Content is inserted in one of two ways:

cron/cron.php

To manually update content, run the following from the backend directory:

php cron/cron.php --source=SOURCE_ID

This will scan that source and update/insert the latest 100 items. This can be run as a cron job for continual updates.

Service

The set-it-and-forget-it node script to continually updates all enabled sources. Using either screen (or some other detached-like terminal) or something like forever, run:

node services/task-runner.js

This service does currently have a hard coded URL to the API that returns all sources. Locate http://redditbooru.com/sources/ in task-runner.js and replace with the appropriate path. THIS IS GOING TO BE REPLACED WITH EXTERNAL SERVICE NODES VERY SOON!

Additional Services

There are some additional services rolled up into the main RedditBooru codebase.

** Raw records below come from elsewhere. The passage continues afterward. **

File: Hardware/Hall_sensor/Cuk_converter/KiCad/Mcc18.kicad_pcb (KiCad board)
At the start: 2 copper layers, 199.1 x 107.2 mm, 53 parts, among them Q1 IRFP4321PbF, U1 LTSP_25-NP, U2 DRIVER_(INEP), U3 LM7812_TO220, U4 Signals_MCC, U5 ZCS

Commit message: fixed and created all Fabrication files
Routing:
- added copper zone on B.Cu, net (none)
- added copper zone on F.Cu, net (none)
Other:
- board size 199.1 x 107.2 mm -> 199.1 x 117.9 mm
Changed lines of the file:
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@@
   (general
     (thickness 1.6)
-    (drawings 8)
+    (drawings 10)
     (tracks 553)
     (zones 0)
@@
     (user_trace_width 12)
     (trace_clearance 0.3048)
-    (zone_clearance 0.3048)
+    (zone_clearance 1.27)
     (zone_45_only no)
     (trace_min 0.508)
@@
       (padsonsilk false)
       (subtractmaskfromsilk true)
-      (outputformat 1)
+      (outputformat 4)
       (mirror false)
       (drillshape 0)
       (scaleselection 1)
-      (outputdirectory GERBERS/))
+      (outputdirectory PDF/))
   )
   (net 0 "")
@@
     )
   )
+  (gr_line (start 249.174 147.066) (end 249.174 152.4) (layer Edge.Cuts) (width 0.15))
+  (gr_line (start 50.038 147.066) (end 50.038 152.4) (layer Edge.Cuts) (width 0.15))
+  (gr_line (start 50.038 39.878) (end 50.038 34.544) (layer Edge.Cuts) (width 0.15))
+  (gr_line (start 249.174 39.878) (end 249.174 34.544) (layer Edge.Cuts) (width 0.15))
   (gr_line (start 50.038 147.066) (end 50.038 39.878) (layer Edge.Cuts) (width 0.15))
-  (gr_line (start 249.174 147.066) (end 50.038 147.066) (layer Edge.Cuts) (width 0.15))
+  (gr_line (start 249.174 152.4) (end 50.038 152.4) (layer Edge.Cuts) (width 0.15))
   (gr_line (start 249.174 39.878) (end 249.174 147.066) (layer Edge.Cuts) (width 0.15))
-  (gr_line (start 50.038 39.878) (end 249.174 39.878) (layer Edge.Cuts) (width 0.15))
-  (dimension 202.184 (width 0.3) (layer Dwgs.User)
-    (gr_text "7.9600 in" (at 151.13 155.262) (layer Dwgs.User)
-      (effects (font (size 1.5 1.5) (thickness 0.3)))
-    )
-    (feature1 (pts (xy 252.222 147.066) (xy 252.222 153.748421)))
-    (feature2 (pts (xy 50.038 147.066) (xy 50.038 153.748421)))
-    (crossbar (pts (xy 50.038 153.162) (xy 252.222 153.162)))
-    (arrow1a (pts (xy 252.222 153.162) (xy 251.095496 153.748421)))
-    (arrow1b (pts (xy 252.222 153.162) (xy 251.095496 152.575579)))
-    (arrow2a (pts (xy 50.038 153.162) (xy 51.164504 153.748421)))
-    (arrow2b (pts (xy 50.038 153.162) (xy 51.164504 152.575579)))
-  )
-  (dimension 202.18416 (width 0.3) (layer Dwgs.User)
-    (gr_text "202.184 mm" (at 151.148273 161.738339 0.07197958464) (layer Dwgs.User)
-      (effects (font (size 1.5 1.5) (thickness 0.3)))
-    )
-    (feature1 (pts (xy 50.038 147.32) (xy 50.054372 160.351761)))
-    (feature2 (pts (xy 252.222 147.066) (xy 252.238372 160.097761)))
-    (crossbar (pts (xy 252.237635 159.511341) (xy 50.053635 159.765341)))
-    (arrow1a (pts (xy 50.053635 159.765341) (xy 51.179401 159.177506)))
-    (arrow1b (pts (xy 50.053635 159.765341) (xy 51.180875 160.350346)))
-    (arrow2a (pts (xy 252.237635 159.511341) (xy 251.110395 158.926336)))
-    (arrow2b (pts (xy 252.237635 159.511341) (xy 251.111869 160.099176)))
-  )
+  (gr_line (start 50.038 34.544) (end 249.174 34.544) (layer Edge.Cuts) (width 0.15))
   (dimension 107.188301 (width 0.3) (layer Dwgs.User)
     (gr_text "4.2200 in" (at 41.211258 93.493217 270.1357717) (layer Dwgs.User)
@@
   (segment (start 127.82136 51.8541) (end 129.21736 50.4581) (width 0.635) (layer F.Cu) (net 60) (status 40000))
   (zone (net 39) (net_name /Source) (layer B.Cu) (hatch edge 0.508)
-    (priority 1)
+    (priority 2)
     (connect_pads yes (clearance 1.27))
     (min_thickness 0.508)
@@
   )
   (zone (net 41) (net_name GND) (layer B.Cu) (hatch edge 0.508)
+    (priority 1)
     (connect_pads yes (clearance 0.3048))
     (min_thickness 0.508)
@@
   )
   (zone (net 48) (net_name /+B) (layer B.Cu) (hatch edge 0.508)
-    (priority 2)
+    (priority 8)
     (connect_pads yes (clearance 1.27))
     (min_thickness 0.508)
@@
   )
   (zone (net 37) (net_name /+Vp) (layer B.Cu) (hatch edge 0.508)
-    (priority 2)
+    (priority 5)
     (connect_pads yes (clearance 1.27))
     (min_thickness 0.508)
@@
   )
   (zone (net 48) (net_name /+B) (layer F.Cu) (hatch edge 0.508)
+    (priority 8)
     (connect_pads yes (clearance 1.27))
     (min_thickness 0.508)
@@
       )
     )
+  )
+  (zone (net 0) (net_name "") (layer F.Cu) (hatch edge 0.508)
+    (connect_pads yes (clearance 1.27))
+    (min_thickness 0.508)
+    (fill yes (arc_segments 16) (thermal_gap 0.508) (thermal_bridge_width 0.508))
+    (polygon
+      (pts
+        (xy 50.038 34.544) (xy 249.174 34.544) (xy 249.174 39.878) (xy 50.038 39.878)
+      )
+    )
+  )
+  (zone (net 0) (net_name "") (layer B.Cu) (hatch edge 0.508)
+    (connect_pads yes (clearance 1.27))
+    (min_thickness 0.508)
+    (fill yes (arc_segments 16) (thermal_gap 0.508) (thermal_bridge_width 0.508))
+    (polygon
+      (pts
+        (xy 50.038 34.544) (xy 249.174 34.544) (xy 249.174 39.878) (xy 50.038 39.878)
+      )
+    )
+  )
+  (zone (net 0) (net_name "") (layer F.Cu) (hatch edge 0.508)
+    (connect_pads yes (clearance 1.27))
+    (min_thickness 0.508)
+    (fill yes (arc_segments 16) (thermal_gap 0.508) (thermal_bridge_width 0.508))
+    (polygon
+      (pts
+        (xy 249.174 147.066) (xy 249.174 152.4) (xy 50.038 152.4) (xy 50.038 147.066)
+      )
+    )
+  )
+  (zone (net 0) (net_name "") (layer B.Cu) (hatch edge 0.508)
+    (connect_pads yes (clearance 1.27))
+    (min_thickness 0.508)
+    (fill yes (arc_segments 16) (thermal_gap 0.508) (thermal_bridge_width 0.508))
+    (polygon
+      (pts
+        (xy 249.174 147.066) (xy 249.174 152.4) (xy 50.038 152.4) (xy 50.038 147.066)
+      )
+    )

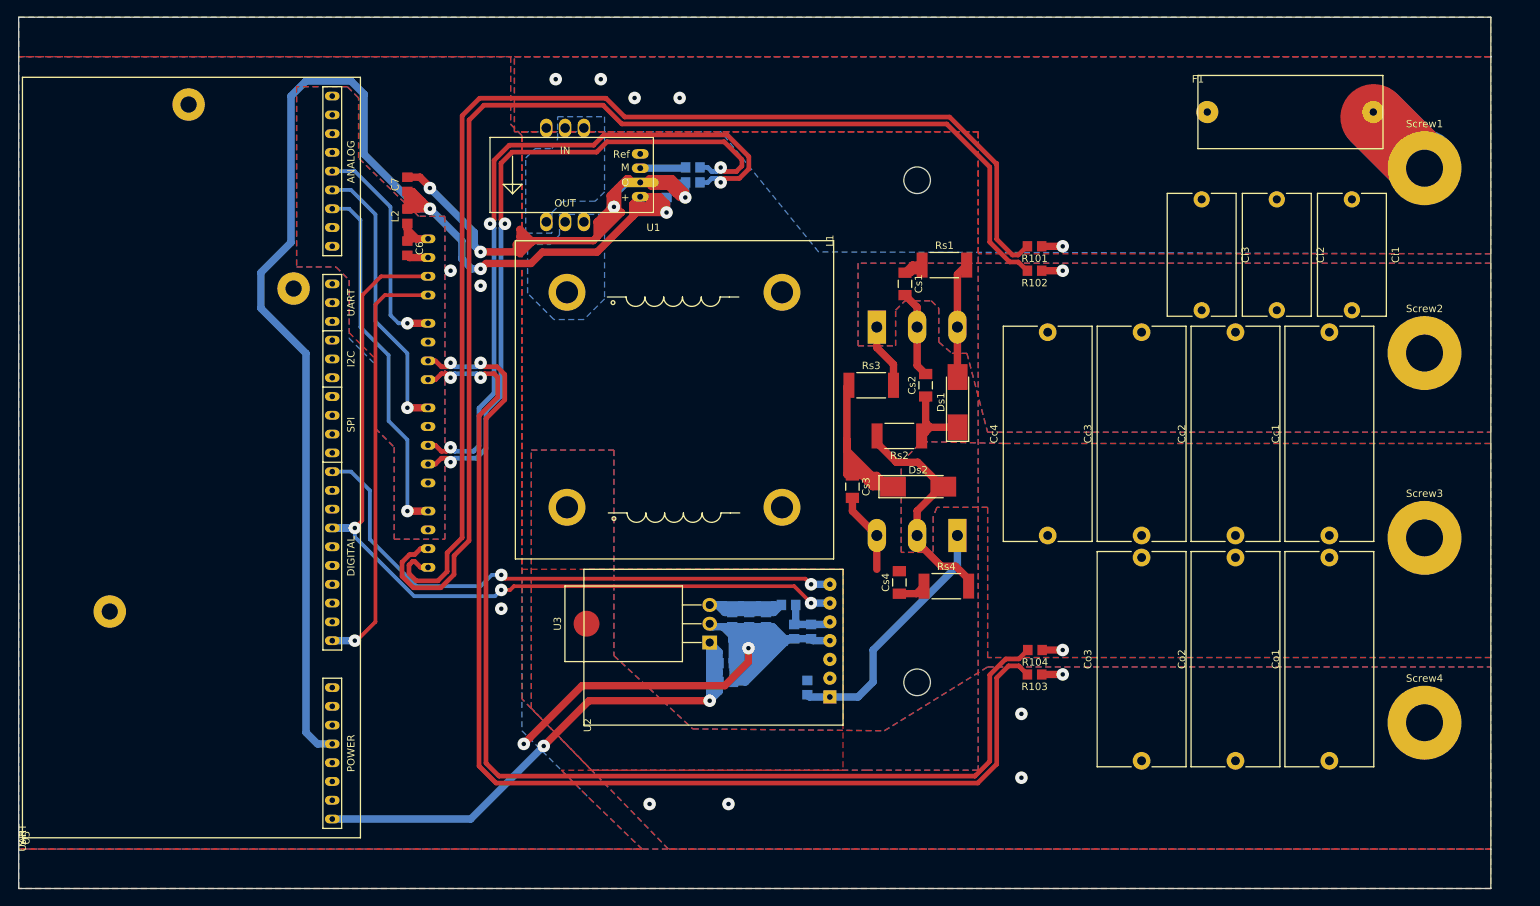
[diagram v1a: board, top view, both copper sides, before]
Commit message: Added trak between Shunt and Inductor
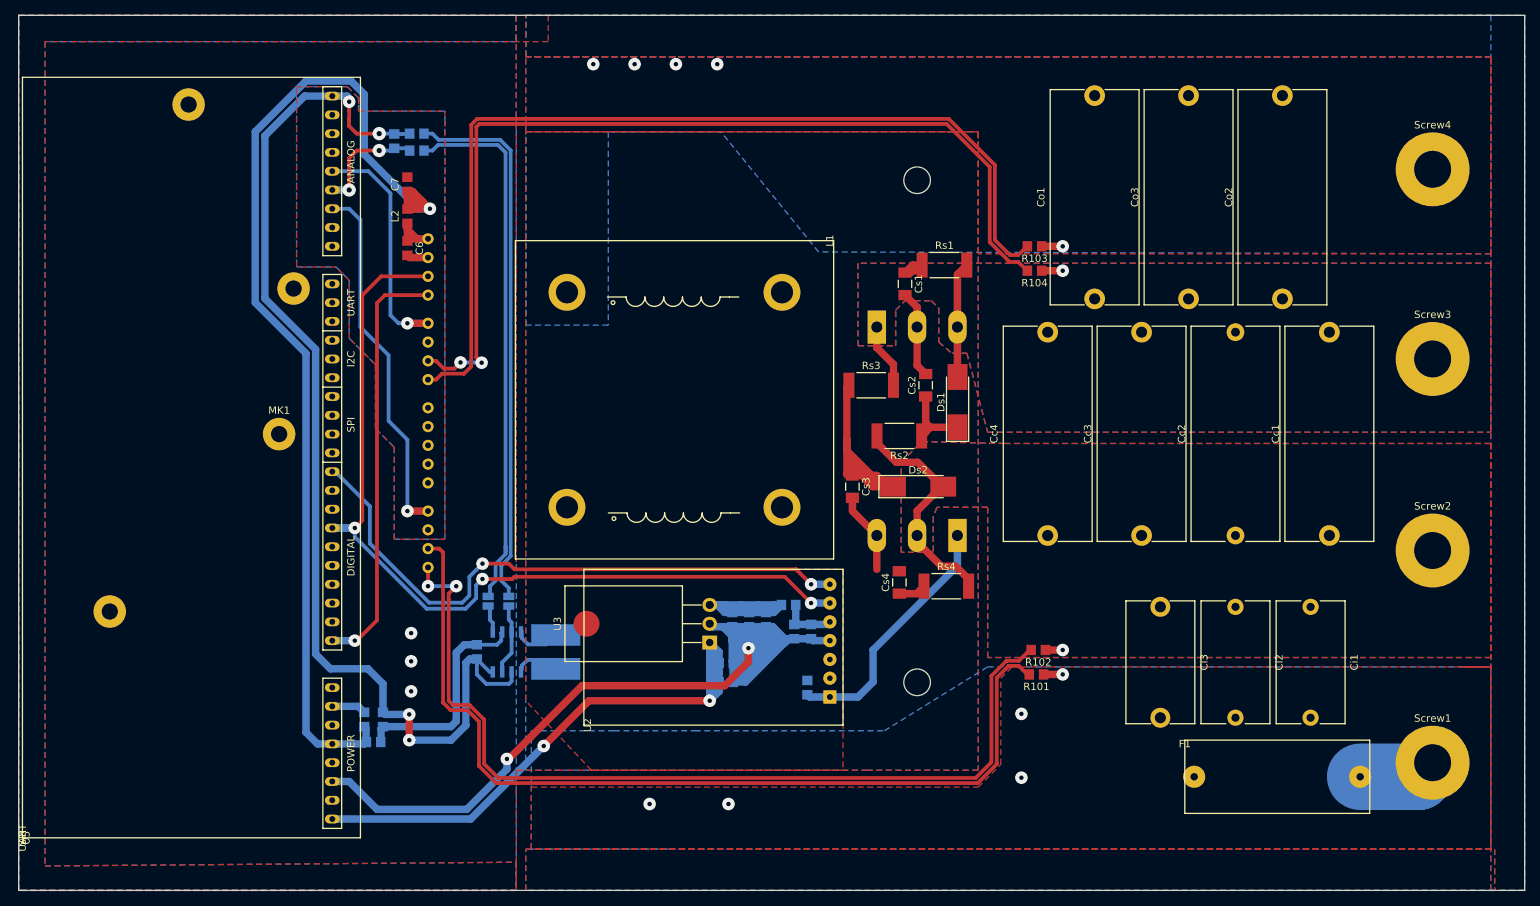
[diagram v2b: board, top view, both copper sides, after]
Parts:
- removed R106: 0R, Resistor_SMD:R_0805_2012Metric_Pad1.29x1.40mm_HandSolder
- added C11: 100nF, MCCplaca Shunt:C_0805_2012Metric_Pad1.29x1.40mm_HandSolder, B.Cu at (112.0, 120.4)
- added C12: 100nF, MCC:C_0805_2012Metric_Pad1.29x1.40mm_HandSolder, B.Cu at (99.3, 129.5)
- added C13: 100nF, MCC:C_0805_2012Metric_Pad1.29x1.40mm_HandSolder, B.Cu at (96.8, 129.5)
- added L4: L_Small, Inductor_SMD:L_0805_2012Metric_Pad1.29x1.40mm_HandSolder, B.Cu at (98.0, 132.6)
- added MK1: Mounting_Hole, MountingHole:MountingHole_2.2mm_M2_Pad, F.Cu at (85.3, 90.9)
- added R107: 0R, Jumper:SolderJumper-2_P1.3mm_Open_Pad1.0x1.5mm, B.Cu at (116.3, 113.5)
- added R109: ??, Resistor_SMD:R_0805_2012Metric_Pad1.29x1.40mm_HandSolder, B.Cu at (103.9, 50.3)
- added R110: ??, Resistor_SMD:R_0805_2012Metric_Pad1.29x1.40mm_HandSolder, B.Cu at (103.9, 52.6)
- added Rshunt1: 500uR, MCCplaca Shunt:PML100HZPJV0L5, B.Cu at (122.7, 120.4)
- C1: footprint MCC:C_0805_2012Metric_Pad1.29x1.40mm_HandSolder -> MCCplaca Shunt:C_0805_2012Metric_Pad1.29x1.40mm_HandSolder
- R105: footprint Resistor_SMD:R_0805_2012Metric_Pad1.29x1.40mm_HandSolder -> Jumper:SolderJumper-2_P1.3mm_Open_Pad1.0x1.5mm
- U1: value LTSP_25-NP -> INA240; footprint MCCplaca:LTSP_25-NP -> Package_SO:SOIC-8_3.9x4.9mm_P1.27mm; moved to B.Cu
- moved F1 89.9 mm to (207.8, 132.3)
- moved Screw1 80.4 mm to (241.3, 135.4)
- moved Screw4 74.9 mm to (241.3, 55.1)
- moved Co1 70.1 mm to (195.6, 72.6)
- moved R105 64.9 mm to (113.5, 113.5), turned to 90 degrees
- moved Co2 62.8 mm to (221.0, 72.6)
- moved Co3 62.8 mm to (208.3, 72.6)
- moved U1 62.7 mm to (116.1, 120.4), turned to 90 degrees
- moved R101 57.9 mm to (187.7, 123.4)
- moved R103 57.9 mm to (187.5, 65.5)
- moved Ci1 55.4 mm to (224.8, 114.3)
- moved Ci2 55.4 mm to (214.6, 114.3)
- moved Ci3 55.4 mm to (204.5, 114.3)
- moved R102 51.3 mm to (188.0, 120.1)
- moved R104 51.3 mm to (187.5, 68.8)
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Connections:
- C1 pad 1: GND -> /Ipanel_adc+
- C1 pad 2: +5V -> GNDA
- Cc1 pad 1: /-B -> /+Vp
- Cc1 pad 2: /+Vp -> /-B
- Cc2 pad 1: /-B -> /+Vp
- Cc2 pad 2: /+Vp -> /-B
- Cc3 pad 1: /-B -> /+Vp
- Cc3 pad 2: /+Vp -> /-B
- Cc4 pad 1: /-B -> /+Vp
- Cc4 pad 2: /+Vp -> /-B
- Ci1 pad 1: /-Vp -> /+Vp
- Ci1 pad 2: /+Vp -> /-Vp
- Ci2 pad 1: /-Vp -> /+Vp
- Ci2 pad 2: /+Vp -> /-Vp
- Ci3 pad 1: /-Vp -> /+Vp
- Ci3 pad 2: /+Vp -> /-Vp
- Co1 pad 1: /+B -> /-B
- Co1 pad 2: /-B -> /+B
- Co2 pad 1: /+B -> /-B
- Co2 pad 2: /-B -> /+B
- Co3 pad 1: /+B -> /-B
- Co3 pad 2: /-B -> /+B
- D1 pad 1: /+Vp -> /-B
- D1 pad 3: /+Vp -> /-B
- Ds1 pad 2: /+Vp -> /-B
- Ds2 pad 2: /-B -> /+Vp
- L1 pad 1: Net-(L1-Pad1) -> /+B
- L1 pad 3: /+B -> /Rs+
- Q1 pad 2: /-B -> /+Vp
- R105 pad 1: /+Ip -> /INA240_OUT
- Rs1 pad 2: /+Vp -> /-B
- Rs2 pad 2: /-B -> /+Vp
- Rs3 pad 2: /+Vp -> /-B
- Rs4 pad 2: /-B -> /+Vp
- U1 pad 1: Net-(L1-Pad1) -> /-Vp
- U1 pad 2: Net-(L1-Pad1) -> GNDA
- U1 pad 3: Net-(U1-Pad3) -> GNDA
- U1 pad 4: /-Vp -> GNDA
- U1 pad 5: Net-(U1-Pad3) -> /INA240_OUT
- U1 pad 6: Net-(U1-Pad3) -> +5VA
- U1 pad 7: +5V -> GNDA
- U1 pad 8: GND -> /Rs+
- U4 pad 6: /Ip_sen+ -> Net-(U4-Pad6)
- U4 pad 7: /Ip_sen- -> Net-(U4-Pad7)
- U4 pad 8: GNDA -> Net-(U4-Pad8)
- U4 pad 9: /Ipanel_adc+ -> Net-(U4-Pad9)
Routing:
- net GNDA: track 2.92 -> 163.7 mm, vias 0 -> 4
- net GND: track 315.1 -> 255.4 mm, vias 11 -> 7
- net +5V: track 200.1 -> 147.3 mm, vias 3 -> 1
- net /Vp_sen+: track 168.6 -> 123.5 mm
- net /Vp_sen-: track 166.0 -> 123.7 mm, vias 0 -> 2
- net +5VA: track 7.91 -> 37.6 mm
- net /Vb_sen+: track 153.5 -> 128.9 mm, vias 2 -> 0
- net /Vb_sen-: track 153.6 -> 130.0 mm
- net /Ipanel_adc+: track 38.0 -> 14.9 mm, vias 1 -> 2
- net /Ip_sen-: track 94.5 -> 74.0 mm, vias 3 -> 0
- net /Ip_sen+: track 91.3 -> 73.4 mm, vias 3 -> 0
- net /-P_unfused: track 19.8 -> 10.6 mm
- net /-B: track 33.9 -> 26.8 mm
- net /+Vp: track 26.8 -> 33.9 mm
- net /Rs+: track 0.00 -> 6.39 mm
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- removed copper zone on B.Cu, net Net-(L1-Pad1)
- removed copper zone on B.Cu, net Net-(U1-Pad3)
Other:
- board size 199.1 x 117.9 mm -> 203.7 x 118.4 mm
- net class INA added: clearance 0.3048, trace_width 0.3429, via_dia 0.9, via_drill 0.7
- rule trace_min: 0.508 -> 0.3429

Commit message: Fixing the Hall_Cuk
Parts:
- removed C11: 100nF, MCCplaca Shunt:C_0805_2012Metric_Pad1.29x1.40mm_HandSolder
- removed C12, C13: 100nF, MCC:C_0805_2012Metric_Pad1.29x1.40mm_HandSolder
- removed L4: L_Small, Inductor_SMD:L_0805_2012Metric_Pad1.29x1.40mm_HandSolder
- removed MK1: Mounting_Hole, MountingHole:MountingHole_2.2mm_M2_Pad
- removed R107: 0R, Jumper:SolderJumper-2_P1.3mm_Open_Pad1.0x1.5mm
- removed R109, R110: ??, Resistor_SMD:R_0805_2012Metric_Pad1.29x1.40mm_HandSolder
- removed Rshunt1: 500uR, MCCplaca Shunt:PML100HZPJV0L5
- added R106: 0R, Resistor_SMD:R_0805_2012Metric_Pad1.29x1.40mm_HandSolder, B.Cu at (115.6, 97.5)
- C1: footprint MCCplaca Shunt:C_0805_2012Metric_Pad1.29x1.40mm_HandSolder -> MCC:C_0805_2012Metric_Pad1.29x1.40mm_HandSolder
- R105: footprint Jumper:SolderJumper-2_P1.3mm_Open_Pad1.0x1.5mm -> Resistor_SMD:R_0805_2012Metric_Pad1.29x1.40mm_HandSolder
- U1: value INA240 -> LTSP_25-NP; footprint Package_SO:SOIC-8_3.9x4.9mm_P1.27mm -> MCCplaca:LTSP_25-NP
- moved U1 23.7 mm to (122.4, 143.3), turned to 0 degrees
- moved R105 16.0 mm to (113.3, 97.5)
- turned C1 to 270 degrees
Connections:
- net /-P_unfused renamed Net-(F1-Pad2)
- C1 pad 1: /Ipanel_adc+ -> GND
- C1 pad 2: GNDA -> +5V
- L1 pad 3: /Rs+ -> Net-(L1-Pad3)
- R105 pad 1: /INA240_OUT -> /+Ip
- U1 pad 1: /-Vp -> Net-(L1-Pad3)
- U1 pad 2: GNDA -> Net-(L1-Pad3)
- U1 pad 3: GNDA -> Net-(U1-Pad3)
- U1 pad 4: GNDA -> /-Vp
- U1 pad 5: /INA240_OUT -> Net-(U1-Pad3)
- U1 pad 6: +5VA -> Net-(U1-Pad3)
- U1 pad 7: GNDA -> +5V
- U1 pad 8: /Rs+ -> GND
- U4 pad 6: Net-(U4-Pad6) -> /Ip_sen+
- U4 pad 7: Net-(U4-Pad7) -> /Ip_sen-
- U4 pad 8: Net-(U4-Pad8) -> GNDA
- U4 pad 9: Net-(U4-Pad9) -> /Ipanel_adc+
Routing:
- net GND: track 255.4 -> 336.0 mm, vias 7 -> 9
- net /Ip_sen+: track 73.4 -> 10.6 mm
- net /Ip_sen-: track 74.0 -> 13.1 mm
- net GNDA: track 163.7 -> 110.7 mm, vias 4 -> 2
- net /+Ip: track 0.00 -> 48.0 mm
- net +5VA: track 37.6 -> 7.91 mm
- net +5V: track 147.3 -> 176.8 mm
- net /Vp_sen+: track 123.5 -> 141.2 mm
- net /Vp_sen-: track 123.7 -> 141.2 mm
- net /Rs+: track 6.39 -> 0.00 mm
- net /-Vp: track 8.22 -> 2.36 mm, vias 5 -> 3
- net /INA240_OUT: track 3.67 -> 0.00 mm
- net /Ipanel_adc+: track 14.9 -> 12.7 mm
- net /+18V_OUT: track 84.0 -> 81.9 mm

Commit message: Fixed Errors
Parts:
- U1: moved to F.Cu
- moved C1 86.0 mm to (111.3, 136.7), turned to 90 degrees
- moved U1 14.2 mm to (112.3, 133.3)
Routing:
- net GNDA: track 110.7 -> 12.6 mm, vias 2 -> 0
- net GND: track 336.0 -> 321.2 mm
- net /Ipanel_adc+: track 12.7 -> 0.00 mm, vias 2 -> 0
- net +5V: track 176.8 -> 165.1 mm
- net /+18V_OUT: track 81.9 -> 88.4 mm
- net /Vb_sen-: track 130.0 -> 127.4 mm
- net /+Ip: track 48.0 -> 45.9 mm, vias 0 -> 2
- net /Vb_sen+: track 128.9 -> 127.1 mm
- net /Vp_sen+: track 141.2 -> 142.6 mm
- net /Vp_sen-: track 141.2 -> 142.4 mm, vias 2 -> 0
- net /-Vp: vias 3 -> 6
- added copper zone on B.Cu, net Net-(L1-Pad3)
- added copper zone on B.Cu, net Net-(U1-Pad3)

It's all very hacked together, so please excuse the mess.

SauceNao

The SauceNao service is a node script that manages requests for getting image sources via SauceNao without going over API limits. To get it running:

# SauceNao API key
export SVC_SAUCENAO_KEY = SAUCENAO_API_KEY

# Port to run the service on. SAUCENAO_PORT in config.php should be this same value. Someday, it'll use the env var too.
export SVC_SAUCENAO_PORT = 4444

# Run it. Use screen/forever/init.d script to persist
node services/saucenao-service.js

cron/clean.php (DEPRECATED)

Used to remove old cached files. It's recommended that you use find on a cron job instead.

ai-tan (DEPRECATED)

"ai-tan" provides a couple of features on two different scripts:

  • cron/repost_check.php - checks new posts to see if they're reposts (as dictated by the source's source_repost_check)
  • cron/ai-tan.php - generates and posts montly report of a source's activity (as dictated by the source's source_generate_report)

These scripts rely on an old PHP based reddit framework of mine that's terrible and outdated. Setting this up is non-trivial and won't be covered here as they are actively being replaced by better, stand-alone modules.